• [What is being asked]:
All pictures are to be dropped, and everything else in the data duplicated exactly.
----------
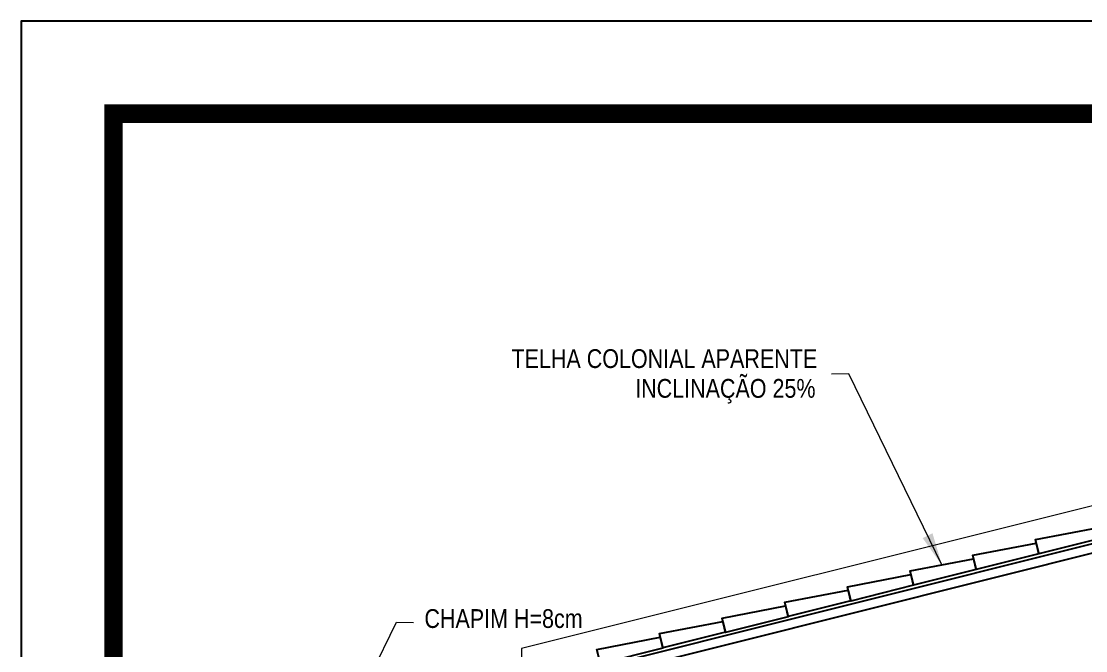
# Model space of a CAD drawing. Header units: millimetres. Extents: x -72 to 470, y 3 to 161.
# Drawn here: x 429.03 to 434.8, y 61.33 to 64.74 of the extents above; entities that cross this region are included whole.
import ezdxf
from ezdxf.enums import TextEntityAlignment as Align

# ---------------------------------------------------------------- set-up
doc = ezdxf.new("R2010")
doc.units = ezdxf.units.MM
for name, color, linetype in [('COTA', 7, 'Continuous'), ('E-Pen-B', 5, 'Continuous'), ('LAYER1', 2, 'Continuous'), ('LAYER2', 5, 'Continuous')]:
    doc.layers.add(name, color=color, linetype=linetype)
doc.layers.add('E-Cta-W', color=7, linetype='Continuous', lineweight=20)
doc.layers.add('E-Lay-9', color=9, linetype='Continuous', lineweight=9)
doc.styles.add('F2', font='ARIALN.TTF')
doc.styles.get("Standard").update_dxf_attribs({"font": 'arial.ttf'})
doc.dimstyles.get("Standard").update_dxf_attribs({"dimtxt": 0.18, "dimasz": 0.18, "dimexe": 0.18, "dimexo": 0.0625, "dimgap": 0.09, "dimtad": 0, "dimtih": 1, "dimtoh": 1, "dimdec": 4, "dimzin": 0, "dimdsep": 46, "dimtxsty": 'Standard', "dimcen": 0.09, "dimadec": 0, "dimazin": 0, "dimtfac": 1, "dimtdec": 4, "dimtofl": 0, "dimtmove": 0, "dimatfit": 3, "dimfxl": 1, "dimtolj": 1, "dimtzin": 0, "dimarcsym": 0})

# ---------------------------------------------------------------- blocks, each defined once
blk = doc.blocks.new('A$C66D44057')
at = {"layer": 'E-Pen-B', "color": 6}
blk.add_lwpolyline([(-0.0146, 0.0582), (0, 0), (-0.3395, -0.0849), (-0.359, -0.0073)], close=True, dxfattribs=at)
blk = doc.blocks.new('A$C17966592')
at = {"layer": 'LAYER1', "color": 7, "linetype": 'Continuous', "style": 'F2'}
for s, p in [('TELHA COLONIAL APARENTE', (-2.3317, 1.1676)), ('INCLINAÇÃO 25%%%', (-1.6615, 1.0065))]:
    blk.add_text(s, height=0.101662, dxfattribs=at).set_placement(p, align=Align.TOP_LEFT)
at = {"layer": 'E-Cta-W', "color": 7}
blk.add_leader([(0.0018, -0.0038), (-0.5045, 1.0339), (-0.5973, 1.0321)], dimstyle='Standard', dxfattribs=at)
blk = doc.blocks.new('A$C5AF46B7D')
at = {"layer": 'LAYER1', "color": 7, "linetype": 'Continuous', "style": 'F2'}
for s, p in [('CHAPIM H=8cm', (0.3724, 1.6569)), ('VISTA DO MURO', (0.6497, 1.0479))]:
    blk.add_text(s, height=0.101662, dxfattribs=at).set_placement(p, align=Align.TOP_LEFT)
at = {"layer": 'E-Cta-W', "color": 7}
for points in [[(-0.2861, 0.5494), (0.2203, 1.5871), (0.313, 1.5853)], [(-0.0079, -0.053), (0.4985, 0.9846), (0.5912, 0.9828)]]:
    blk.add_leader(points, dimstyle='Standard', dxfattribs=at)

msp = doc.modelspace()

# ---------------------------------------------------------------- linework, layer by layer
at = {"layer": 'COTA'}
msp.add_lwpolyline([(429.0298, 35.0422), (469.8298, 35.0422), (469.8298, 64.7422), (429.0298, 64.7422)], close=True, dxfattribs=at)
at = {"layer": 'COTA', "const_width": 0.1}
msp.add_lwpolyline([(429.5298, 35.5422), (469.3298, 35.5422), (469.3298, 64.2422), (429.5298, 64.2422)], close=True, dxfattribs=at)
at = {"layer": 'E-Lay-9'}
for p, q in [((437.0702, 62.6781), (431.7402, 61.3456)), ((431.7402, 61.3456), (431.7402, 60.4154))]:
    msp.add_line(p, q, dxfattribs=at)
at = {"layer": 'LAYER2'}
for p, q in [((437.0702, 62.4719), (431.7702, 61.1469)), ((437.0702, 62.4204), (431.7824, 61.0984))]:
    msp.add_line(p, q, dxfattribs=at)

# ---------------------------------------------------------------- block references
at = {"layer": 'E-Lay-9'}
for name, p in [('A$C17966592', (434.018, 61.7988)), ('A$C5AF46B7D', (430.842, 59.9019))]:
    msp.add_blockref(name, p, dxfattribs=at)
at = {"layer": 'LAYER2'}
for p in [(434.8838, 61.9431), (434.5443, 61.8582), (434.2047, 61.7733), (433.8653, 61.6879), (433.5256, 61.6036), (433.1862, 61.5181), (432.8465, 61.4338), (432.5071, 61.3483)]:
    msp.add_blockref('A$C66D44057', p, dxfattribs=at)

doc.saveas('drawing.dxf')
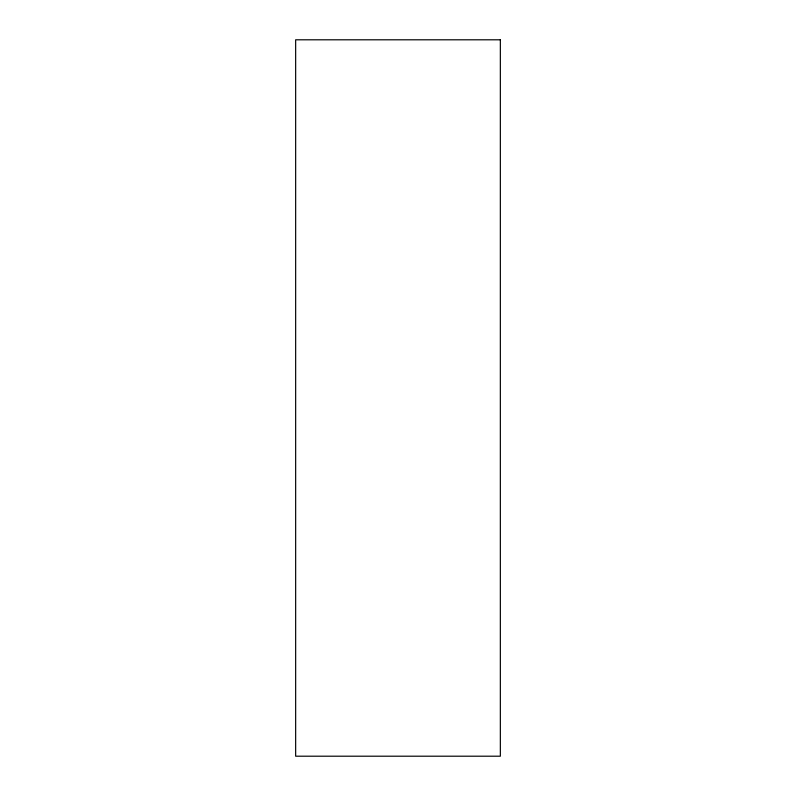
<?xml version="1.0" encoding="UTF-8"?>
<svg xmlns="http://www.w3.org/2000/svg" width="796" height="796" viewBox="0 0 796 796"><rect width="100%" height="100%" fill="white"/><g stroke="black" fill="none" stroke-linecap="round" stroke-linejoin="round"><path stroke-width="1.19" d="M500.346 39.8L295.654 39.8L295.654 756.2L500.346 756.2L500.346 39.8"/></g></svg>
----------
• [Your solution]:
# Model space of a CAD drawing. Header units: millimetres. Extents: x -72 to 470, y 3 to 161.
# Drawn here: x 429.03 to 434.8, y 61.33 to 64.74 of the extents above; entities that cross this region are included whole.
import ezdxf
from ezdxf.enums import TextEntityAlignment as Align

# ---------------------------------------------------------------- set-up
doc = ezdxf.new("R2010")
doc.units = ezdxf.units.MM
for name, color, linetype in [('COTA', 7, 'Continuous'), ('E-Pen-B', 5, 'Continuous'), ('LAYER1', 2, 'Continuous'), ('LAYER2', 5, 'Continuous')]:
    doc.layers.add(name, color=color, linetype=linetype)
doc.layers.add('E-Cta-W', color=7, linetype='Continuous', lineweight=20)
doc.layers.add('E-Lay-9', color=9, linetype='Continuous', lineweight=9)
doc.styles.add('F2', font='ARIALN.TTF')
doc.styles.get("Standard").update_dxf_attribs({"font": 'arial.ttf'})
doc.dimstyles.get("Standard").update_dxf_attribs({"dimtxt": 0.18, "dimasz": 0.18, "dimexe": 0.18, "dimexo": 0.0625, "dimgap": 0.09, "dimtad": 0, "dimtih": 1, "dimtoh": 1, "dimdec": 4, "dimzin": 0, "dimdsep": 46, "dimtxsty": 'Standard', "dimcen": 0.09, "dimadec": 0, "dimazin": 0, "dimtfac": 1, "dimtdec": 4, "dimtofl": 0, "dimtmove": 0, "dimatfit": 3, "dimfxl": 1, "dimtolj": 1, "dimtzin": 0, "dimarcsym": 0})

# ---------------------------------------------------------------- blocks, each defined once
blk = doc.blocks.new('A$C66D44057')
at = {"layer": 'E-Pen-B', "color": 6}
blk.add_lwpolyline([(-0.0146, 0.0582), (0, 0), (-0.3395, -0.0849), (-0.359, -0.0073)], close=True, dxfattribs=at)
blk = doc.blocks.new('A$C17966592')
at = {"layer": 'LAYER1', "color": 7, "linetype": 'Continuous', "style": 'F2'}
for s, p in [('TELHA COLONIAL APARENTE', (-2.3317, 1.1676)), ('INCLINAÇÃO 25%%%', (-1.6615, 1.0065))]:
    blk.add_text(s, height=0.101662, dxfattribs=at).set_placement(p, align=Align.TOP_LEFT)
at = {"layer": 'E-Cta-W', "color": 7}
blk.add_leader([(0.0018, -0.0038), (-0.5045, 1.0339), (-0.5973, 1.0321)], dimstyle='Standard', dxfattribs=at)
blk = doc.blocks.new('A$C5AF46B7D')
at = {"layer": 'LAYER1', "color": 7, "linetype": 'Continuous', "style": 'F2'}
for s, p in [('CHAPIM H=8cm', (0.3724, 1.6569)), ('VISTA DO MURO', (0.6497, 1.0479))]:
    blk.add_text(s, height=0.101662, dxfattribs=at).set_placement(p, align=Align.TOP_LEFT)
at = {"layer": 'E-Cta-W', "color": 7}
for points in [[(-0.2861, 0.5494), (0.2203, 1.5871), (0.313, 1.5853)], [(-0.0079, -0.053), (0.4985, 0.9846), (0.5912, 0.9828)]]:
    blk.add_leader(points, dimstyle='Standard', dxfattribs=at)

msp = doc.modelspace()

# ---------------------------------------------------------------- linework, layer by layer
at = {"layer": 'COTA'}
msp.add_lwpolyline([(429.0298, 35.0422), (469.8298, 35.0422), (469.8298, 64.7422), (429.0298, 64.7422)], close=True, dxfattribs=at)
at = {"layer": 'COTA', "const_width": 0.1}
msp.add_lwpolyline([(429.5298, 35.5422), (469.3298, 35.5422), (469.3298, 64.2422), (429.5298, 64.2422)], close=True, dxfattribs=at)
at = {"layer": 'E-Lay-9'}
for p, q in [((437.0702, 62.6781), (431.7402, 61.3456)), ((431.7402, 61.3456), (431.7402, 60.4154))]:
    msp.add_line(p, q, dxfattribs=at)
at = {"layer": 'LAYER2'}
for p, q in [((437.0702, 62.4719), (431.7702, 61.1469)), ((437.0702, 62.4204), (431.7824, 61.0984))]:
    msp.add_line(p, q, dxfattribs=at)

# ---------------------------------------------------------------- block references
at = {"layer": 'E-Lay-9'}
for name, p in [('A$C17966592', (434.018, 61.7988)), ('A$C5AF46B7D', (430.842, 59.9019))]:
    msp.add_blockref(name, p, dxfattribs=at)
at = {"layer": 'LAYER2'}
for p in [(434.8838, 61.9431), (434.5443, 61.8582), (434.2047, 61.7733), (433.8653, 61.6879), (433.5256, 61.6036), (433.1862, 61.5181), (432.8465, 61.4338), (432.5071, 61.3483)]:
    msp.add_blockref('A$C66D44057', p, dxfattribs=at)

doc.saveas('drawing.dxf')
<?xml version="1.0" encoding="UTF-8"?>
<svg xmlns="http://www.w3.org/2000/svg" width="796" height="796" viewBox="0 0 796 796"><rect width="100%" height="100%" fill="white"/><g stroke="black" fill="none" stroke-linecap="round" stroke-linejoin="round"><path stroke-width="1.19" d="M500.346 39.8L295.654 39.8L295.654 756.2L500.346 756.2L500.346 39.8"/></g></svg>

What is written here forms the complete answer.